Retype all entries exactly as they stand, excluding pictures.

Data records Start Marker

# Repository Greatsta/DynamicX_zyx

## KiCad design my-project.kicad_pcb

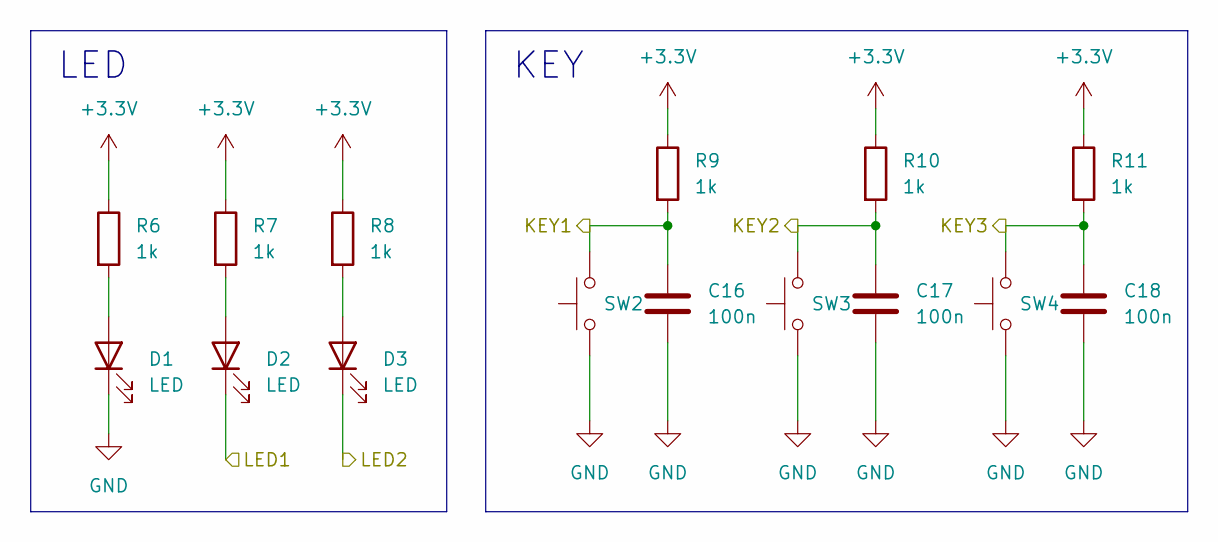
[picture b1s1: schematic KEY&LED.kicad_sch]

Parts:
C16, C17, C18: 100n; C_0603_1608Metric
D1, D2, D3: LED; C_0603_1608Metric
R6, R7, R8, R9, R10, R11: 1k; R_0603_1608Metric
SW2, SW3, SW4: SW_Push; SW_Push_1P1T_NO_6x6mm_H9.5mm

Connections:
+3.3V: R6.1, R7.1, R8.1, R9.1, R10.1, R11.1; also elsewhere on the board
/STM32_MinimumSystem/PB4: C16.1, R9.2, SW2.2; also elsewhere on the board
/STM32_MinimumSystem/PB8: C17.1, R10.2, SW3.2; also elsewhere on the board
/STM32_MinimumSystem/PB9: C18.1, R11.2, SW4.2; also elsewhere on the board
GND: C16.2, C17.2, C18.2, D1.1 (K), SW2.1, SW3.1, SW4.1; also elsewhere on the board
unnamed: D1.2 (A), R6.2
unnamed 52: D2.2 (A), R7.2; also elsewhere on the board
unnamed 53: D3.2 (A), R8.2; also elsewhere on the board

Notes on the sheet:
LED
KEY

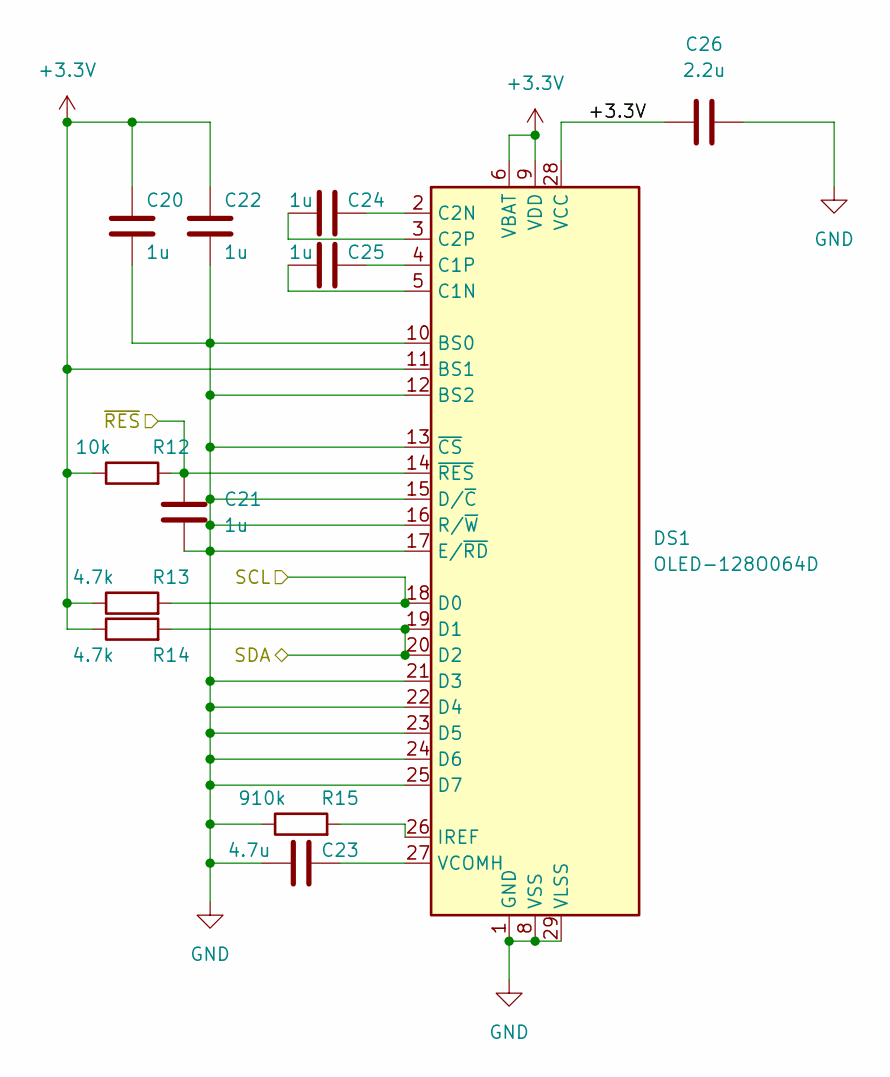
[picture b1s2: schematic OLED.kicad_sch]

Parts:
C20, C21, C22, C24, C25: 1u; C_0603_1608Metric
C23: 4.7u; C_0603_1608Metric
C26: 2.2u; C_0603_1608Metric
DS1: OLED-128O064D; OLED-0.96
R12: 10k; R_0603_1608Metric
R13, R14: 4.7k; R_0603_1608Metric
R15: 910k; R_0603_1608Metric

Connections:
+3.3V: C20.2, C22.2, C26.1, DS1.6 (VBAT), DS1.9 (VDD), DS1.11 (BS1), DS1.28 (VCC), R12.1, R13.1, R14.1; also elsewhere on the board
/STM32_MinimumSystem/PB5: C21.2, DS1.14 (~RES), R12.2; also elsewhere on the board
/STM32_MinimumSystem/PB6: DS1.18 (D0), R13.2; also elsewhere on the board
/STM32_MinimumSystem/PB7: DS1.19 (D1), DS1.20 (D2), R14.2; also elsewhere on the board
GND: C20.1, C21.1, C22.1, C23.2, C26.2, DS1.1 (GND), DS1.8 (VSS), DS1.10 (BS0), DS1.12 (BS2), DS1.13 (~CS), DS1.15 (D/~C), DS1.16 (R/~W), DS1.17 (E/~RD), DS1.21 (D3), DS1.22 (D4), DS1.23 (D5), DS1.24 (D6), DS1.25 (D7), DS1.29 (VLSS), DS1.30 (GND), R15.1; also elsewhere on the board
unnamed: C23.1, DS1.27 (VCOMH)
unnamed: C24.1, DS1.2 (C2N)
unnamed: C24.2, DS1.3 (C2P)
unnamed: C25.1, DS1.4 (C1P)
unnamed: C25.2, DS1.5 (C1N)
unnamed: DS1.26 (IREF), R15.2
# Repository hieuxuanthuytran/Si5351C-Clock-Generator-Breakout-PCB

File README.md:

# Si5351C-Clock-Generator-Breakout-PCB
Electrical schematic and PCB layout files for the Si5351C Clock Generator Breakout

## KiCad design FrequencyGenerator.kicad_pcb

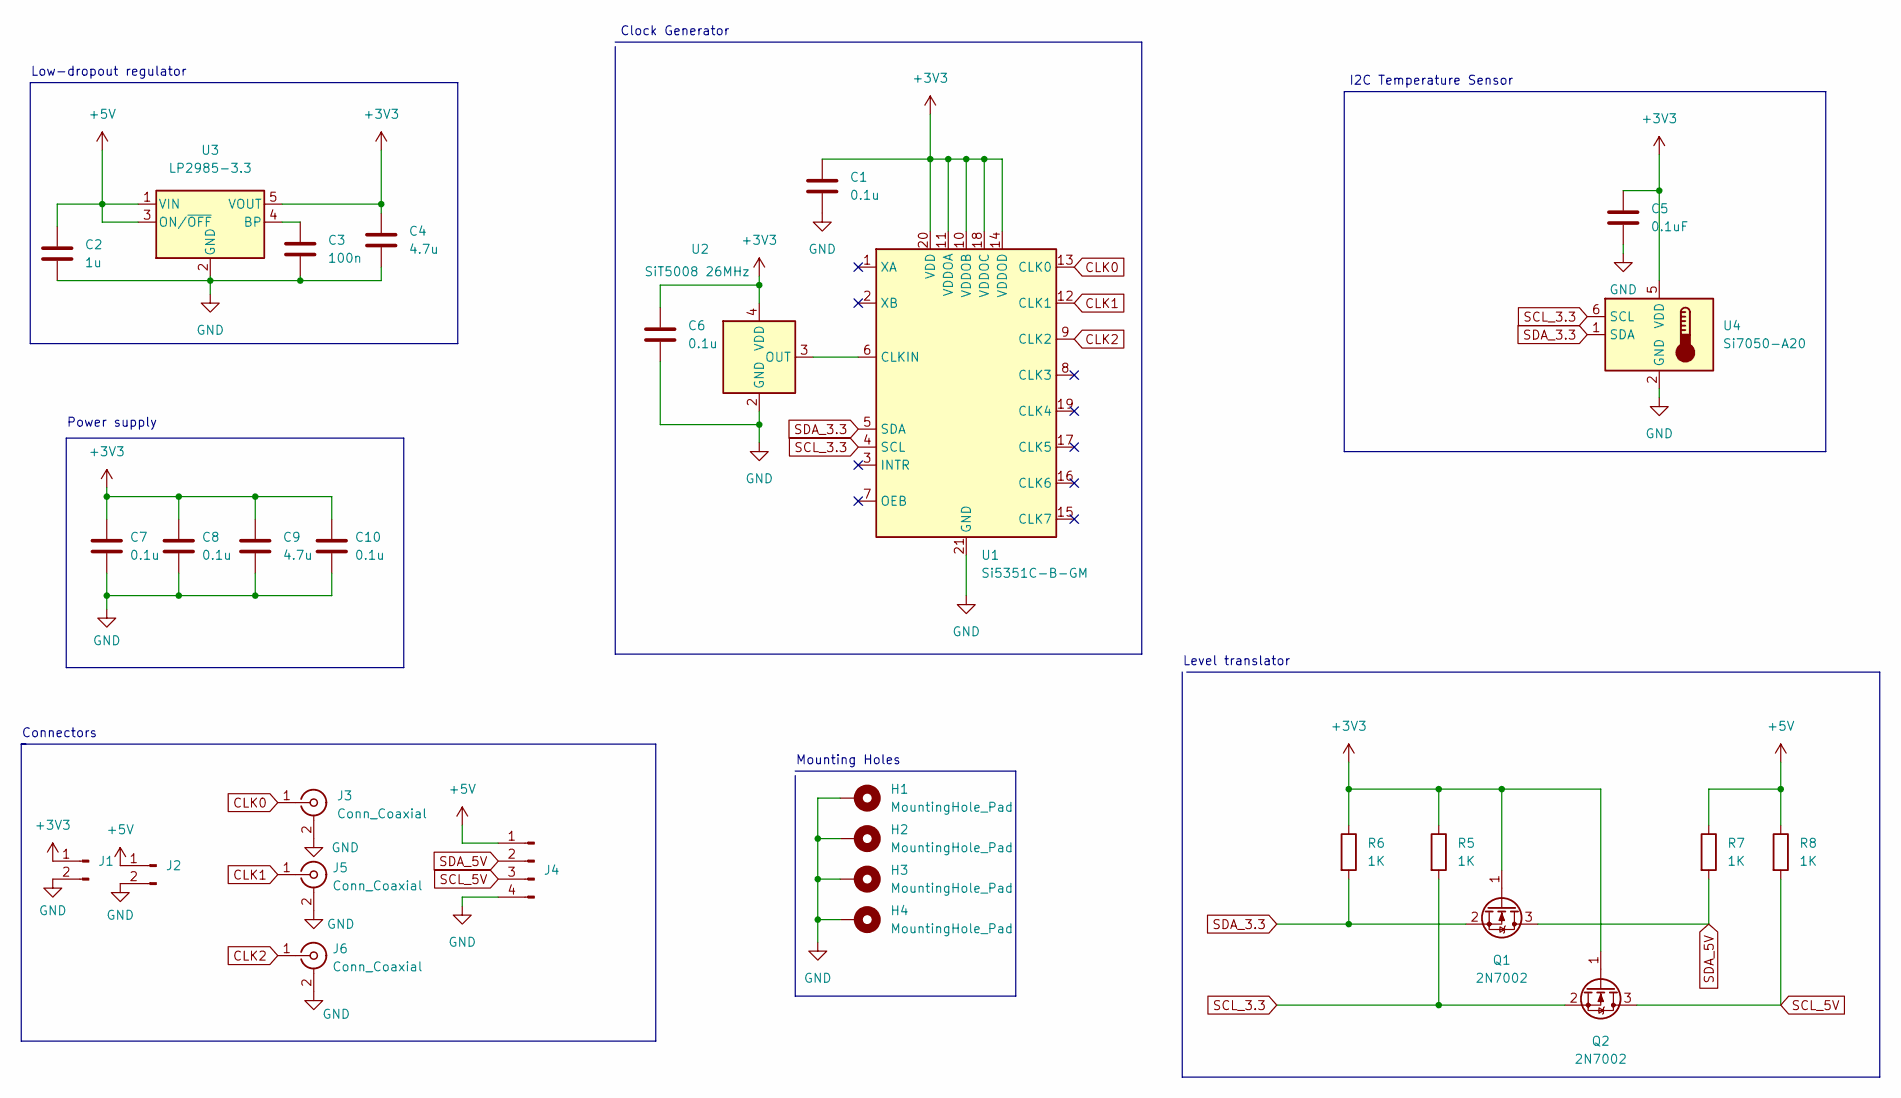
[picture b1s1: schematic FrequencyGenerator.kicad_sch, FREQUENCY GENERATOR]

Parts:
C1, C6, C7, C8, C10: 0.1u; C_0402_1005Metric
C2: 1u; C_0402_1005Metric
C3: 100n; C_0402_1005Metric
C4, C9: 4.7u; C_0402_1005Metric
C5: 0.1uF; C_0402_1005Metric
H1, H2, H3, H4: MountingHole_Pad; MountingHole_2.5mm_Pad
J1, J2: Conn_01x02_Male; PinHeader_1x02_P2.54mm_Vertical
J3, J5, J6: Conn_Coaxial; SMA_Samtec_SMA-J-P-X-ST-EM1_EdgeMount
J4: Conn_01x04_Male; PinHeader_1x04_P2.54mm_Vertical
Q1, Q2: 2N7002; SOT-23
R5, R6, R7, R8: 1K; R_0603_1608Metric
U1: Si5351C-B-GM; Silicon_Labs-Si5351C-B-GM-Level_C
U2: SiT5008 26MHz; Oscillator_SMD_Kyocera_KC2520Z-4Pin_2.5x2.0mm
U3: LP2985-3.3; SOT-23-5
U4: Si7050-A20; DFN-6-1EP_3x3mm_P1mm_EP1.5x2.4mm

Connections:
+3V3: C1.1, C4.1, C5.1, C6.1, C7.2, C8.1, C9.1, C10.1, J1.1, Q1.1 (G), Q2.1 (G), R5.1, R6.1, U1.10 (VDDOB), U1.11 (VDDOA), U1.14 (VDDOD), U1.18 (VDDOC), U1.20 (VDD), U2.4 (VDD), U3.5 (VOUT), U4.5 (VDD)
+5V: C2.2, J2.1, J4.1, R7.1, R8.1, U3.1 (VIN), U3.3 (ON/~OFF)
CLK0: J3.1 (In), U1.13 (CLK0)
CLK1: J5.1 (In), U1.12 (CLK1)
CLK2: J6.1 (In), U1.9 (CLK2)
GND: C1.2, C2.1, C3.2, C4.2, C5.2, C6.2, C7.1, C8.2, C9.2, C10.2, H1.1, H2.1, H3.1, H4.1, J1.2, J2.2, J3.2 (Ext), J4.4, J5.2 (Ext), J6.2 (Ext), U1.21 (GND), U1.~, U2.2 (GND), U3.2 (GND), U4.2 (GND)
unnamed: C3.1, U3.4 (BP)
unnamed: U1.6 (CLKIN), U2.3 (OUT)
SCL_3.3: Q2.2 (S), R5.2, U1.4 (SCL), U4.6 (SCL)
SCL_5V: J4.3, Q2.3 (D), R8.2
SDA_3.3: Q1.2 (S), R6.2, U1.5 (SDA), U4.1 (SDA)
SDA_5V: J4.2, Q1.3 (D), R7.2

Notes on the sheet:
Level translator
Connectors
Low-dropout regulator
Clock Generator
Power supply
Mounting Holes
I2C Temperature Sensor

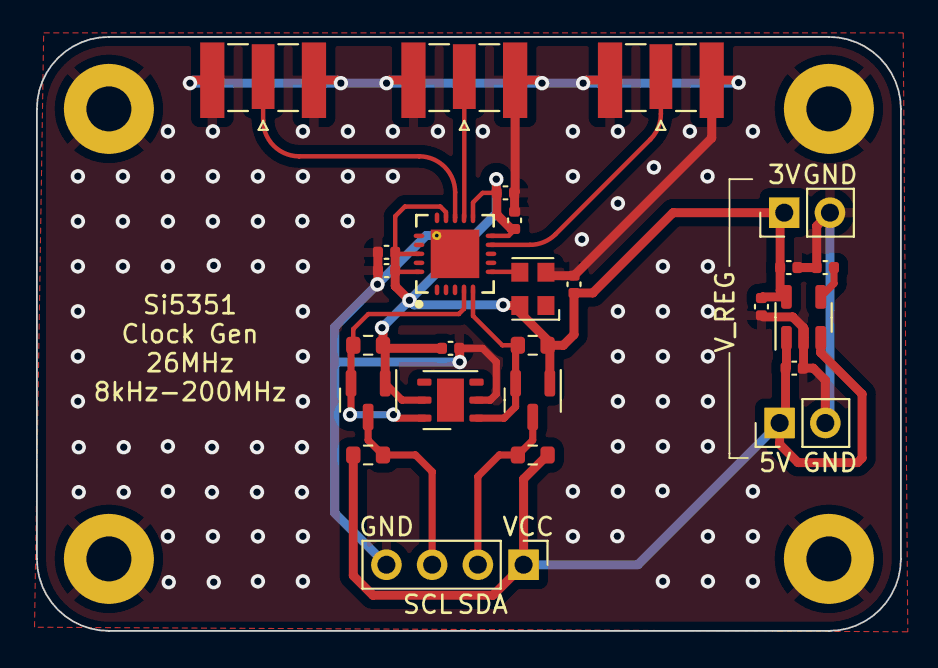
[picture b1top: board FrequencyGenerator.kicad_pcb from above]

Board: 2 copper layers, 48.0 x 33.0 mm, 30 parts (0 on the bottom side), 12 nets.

Data records End Marker

= Response =
# Repository Greatsta/DynamicX_zyx

## KiCad design my-project.kicad_pcb

[picture b1s1: schematic KEY&LED.kicad_sch]

Parts:
C16, C17, C18: 100n; C_0603_1608Metric
D1, D2, D3: LED; C_0603_1608Metric
R6, R7, R8, R9, R10, R11: 1k; R_0603_1608Metric
SW2, SW3, SW4: SW_Push; SW_Push_1P1T_NO_6x6mm_H9.5mm

Connections:
+3.3V: R6.1, R7.1, R8.1, R9.1, R10.1, R11.1; also elsewhere on the board
/STM32_MinimumSystem/PB4: C16.1, R9.2, SW2.2; also elsewhere on the board
/STM32_MinimumSystem/PB8: C17.1, R10.2, SW3.2; also elsewhere on the board
/STM32_MinimumSystem/PB9: C18.1, R11.2, SW4.2; also elsewhere on the board
GND: C16.2, C17.2, C18.2, D1.1 (K), SW2.1, SW3.1, SW4.1; also elsewhere on the board
unnamed: D1.2 (A), R6.2
unnamed 52: D2.2 (A), R7.2; also elsewhere on the board
unnamed 53: D3.2 (A), R8.2; also elsewhere on the board

Notes on the sheet:
LED
KEY

[picture b1s2: schematic OLED.kicad_sch]

Parts:
C20, C21, C22, C24, C25: 1u; C_0603_1608Metric
C23: 4.7u; C_0603_1608Metric
C26: 2.2u; C_0603_1608Metric
DS1: OLED-128O064D; OLED-0.96
R12: 10k; R_0603_1608Metric
R13, R14: 4.7k; R_0603_1608Metric
R15: 910k; R_0603_1608Metric

Connections:
+3.3V: C20.2, C22.2, C26.1, DS1.6 (VBAT), DS1.9 (VDD), DS1.11 (BS1), DS1.28 (VCC), R12.1, R13.1, R14.1; also elsewhere on the board
/STM32_MinimumSystem/PB5: C21.2, DS1.14 (~RES), R12.2; also elsewhere on the board
/STM32_MinimumSystem/PB6: DS1.18 (D0), R13.2; also elsewhere on the board
/STM32_MinimumSystem/PB7: DS1.19 (D1), DS1.20 (D2), R14.2; also elsewhere on the board
GND: C20.1, C21.1, C22.1, C23.2, C26.2, DS1.1 (GND), DS1.8 (VSS), DS1.10 (BS0), DS1.12 (BS2), DS1.13 (~CS), DS1.15 (D/~C), DS1.16 (R/~W), DS1.17 (E/~RD), DS1.21 (D3), DS1.22 (D4), DS1.23 (D5), DS1.24 (D6), DS1.25 (D7), DS1.29 (VLSS), DS1.30 (GND), R15.1; also elsewhere on the board
unnamed: C23.1, DS1.27 (VCOMH)
unnamed: C24.1, DS1.2 (C2N)
unnamed: C24.2, DS1.3 (C2P)
unnamed: C25.1, DS1.4 (C1P)
unnamed: C25.2, DS1.5 (C1N)
unnamed: DS1.26 (IREF), R15.2
# Repository hieuxuanthuytran/Si5351C-Clock-Generator-Breakout-PCB

File README.md:

# Si5351C-Clock-Generator-Breakout-PCB
Electrical schematic and PCB layout files for the Si5351C Clock Generator Breakout

## KiCad design FrequencyGenerator.kicad_pcb

[picture b1s1: schematic FrequencyGenerator.kicad_sch, FREQUENCY GENERATOR]

Parts:
C1, C6, C7, C8, C10: 0.1u; C_0402_1005Metric
C2: 1u; C_0402_1005Metric
C3: 100n; C_0402_1005Metric
C4, C9: 4.7u; C_0402_1005Metric
C5: 0.1uF; C_0402_1005Metric
H1, H2, H3, H4: MountingHole_Pad; MountingHole_2.5mm_Pad
J1, J2: Conn_01x02_Male; PinHeader_1x02_P2.54mm_Vertical
J3, J5, J6: Conn_Coaxial; SMA_Samtec_SMA-J-P-X-ST-EM1_EdgeMount
J4: Conn_01x04_Male; PinHeader_1x04_P2.54mm_Vertical
Q1, Q2: 2N7002; SOT-23
R5, R6, R7, R8: 1K; R_0603_1608Metric
U1: Si5351C-B-GM; Silicon_Labs-Si5351C-B-GM-Level_C
U2: SiT5008 26MHz; Oscillator_SMD_Kyocera_KC2520Z-4Pin_2.5x2.0mm
U3: LP2985-3.3; SOT-23-5
U4: Si7050-A20; DFN-6-1EP_3x3mm_P1mm_EP1.5x2.4mm

Connections:
+3V3: C1.1, C4.1, C5.1, C6.1, C7.2, C8.1, C9.1, C10.1, J1.1, Q1.1 (G), Q2.1 (G), R5.1, R6.1, U1.10 (VDDOB), U1.11 (VDDOA), U1.14 (VDDOD), U1.18 (VDDOC), U1.20 (VDD), U2.4 (VDD), U3.5 (VOUT), U4.5 (VDD)
+5V: C2.2, J2.1, J4.1, R7.1, R8.1, U3.1 (VIN), U3.3 (ON/~OFF)
CLK0: J3.1 (In), U1.13 (CLK0)
CLK1: J5.1 (In), U1.12 (CLK1)
CLK2: J6.1 (In), U1.9 (CLK2)
GND: C1.2, C2.1, C3.2, C4.2, C5.2, C6.2, C7.1, C8.2, C9.2, C10.2, H1.1, H2.1, H3.1, H4.1, J1.2, J2.2, J3.2 (Ext), J4.4, J5.2 (Ext), J6.2 (Ext), U1.21 (GND), U1.~, U2.2 (GND), U3.2 (GND), U4.2 (GND)
unnamed: C3.1, U3.4 (BP)
unnamed: U1.6 (CLKIN), U2.3 (OUT)
SCL_3.3: Q2.2 (S), R5.2, U1.4 (SCL), U4.6 (SCL)
SCL_5V: J4.3, Q2.3 (D), R8.2
SDA_3.3: Q1.2 (S), R6.2, U1.5 (SDA), U4.1 (SDA)
SDA_5V: J4.2, Q1.3 (D), R7.2

Notes on the sheet:
Level translator
Connectors
Low-dropout regulator
Clock Generator
Power supply
Mounting Holes
I2C Temperature Sensor

[picture b1top: board FrequencyGenerator.kicad_pcb from above]

Board: 2 copper layers, 48.0 x 33.0 mm, 30 parts (0 on the bottom side), 12 nets.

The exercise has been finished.